_REQUIREMENT_:
Give back exactly the line that contains "doc.units = ezdxf.units.MM" and all the lines after it in the records below, to the very last, with no other output.

_DATA SUPPLIED_:
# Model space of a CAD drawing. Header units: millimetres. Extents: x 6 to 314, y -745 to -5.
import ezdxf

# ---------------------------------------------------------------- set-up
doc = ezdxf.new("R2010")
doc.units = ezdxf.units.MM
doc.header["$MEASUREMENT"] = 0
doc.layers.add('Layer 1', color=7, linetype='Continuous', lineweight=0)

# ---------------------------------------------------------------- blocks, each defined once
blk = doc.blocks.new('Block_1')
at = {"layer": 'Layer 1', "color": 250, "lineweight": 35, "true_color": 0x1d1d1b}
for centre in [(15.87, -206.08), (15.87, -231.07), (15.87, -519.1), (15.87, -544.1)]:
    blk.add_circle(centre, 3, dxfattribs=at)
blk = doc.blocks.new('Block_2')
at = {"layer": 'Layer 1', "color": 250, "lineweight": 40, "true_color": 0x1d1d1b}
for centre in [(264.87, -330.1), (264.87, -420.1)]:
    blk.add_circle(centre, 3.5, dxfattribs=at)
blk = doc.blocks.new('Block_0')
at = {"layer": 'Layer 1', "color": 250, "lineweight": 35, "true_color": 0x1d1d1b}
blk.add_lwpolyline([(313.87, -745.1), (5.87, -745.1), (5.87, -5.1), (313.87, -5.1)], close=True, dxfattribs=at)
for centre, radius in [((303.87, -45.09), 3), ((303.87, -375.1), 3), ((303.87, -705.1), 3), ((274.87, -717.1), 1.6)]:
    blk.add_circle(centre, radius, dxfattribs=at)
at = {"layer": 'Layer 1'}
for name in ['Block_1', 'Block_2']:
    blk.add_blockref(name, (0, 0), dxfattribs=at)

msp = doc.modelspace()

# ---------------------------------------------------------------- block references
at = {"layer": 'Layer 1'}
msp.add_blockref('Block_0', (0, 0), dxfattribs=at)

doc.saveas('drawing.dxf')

_SOLUTION TO THIS TASK_:
doc.units = ezdxf.units.MM
doc.header["$MEASUREMENT"] = 0
doc.layers.add('Layer 1', color=7, linetype='Continuous', lineweight=0)

# ---------------------------------------------------------------- blocks, each defined once
blk = doc.blocks.new('Block_1')
at = {"layer": 'Layer 1', "color": 250, "lineweight": 35, "true_color": 0x1d1d1b}
for centre in [(15.87, -206.08), (15.87, -231.07), (15.87, -519.1), (15.87, -544.1)]:
    blk.add_circle(centre, 3, dxfattribs=at)
blk = doc.blocks.new('Block_2')
at = {"layer": 'Layer 1', "color": 250, "lineweight": 40, "true_color": 0x1d1d1b}
for centre in [(264.87, -330.1), (264.87, -420.1)]:
    blk.add_circle(centre, 3.5, dxfattribs=at)
blk = doc.blocks.new('Block_0')
at = {"layer": 'Layer 1', "color": 250, "lineweight": 35, "true_color": 0x1d1d1b}
blk.add_lwpolyline([(313.87, -745.1), (5.87, -745.1), (5.87, -5.1), (313.87, -5.1)], close=True, dxfattribs=at)
for centre, radius in [((303.87, -45.09), 3), ((303.87, -375.1), 3), ((303.87, -705.1), 3), ((274.87, -717.1), 1.6)]:
    blk.add_circle(centre, radius, dxfattribs=at)
at = {"layer": 'Layer 1'}
for name in ['Block_1', 'Block_2']:
    blk.add_blockref(name, (0, 0), dxfattribs=at)

msp = doc.modelspace()

# ---------------------------------------------------------------- block references
at = {"layer": 'Layer 1'}
msp.add_blockref('Block_0', (0, 0), dxfattribs=at)

doc.saveas('drawing.dxf')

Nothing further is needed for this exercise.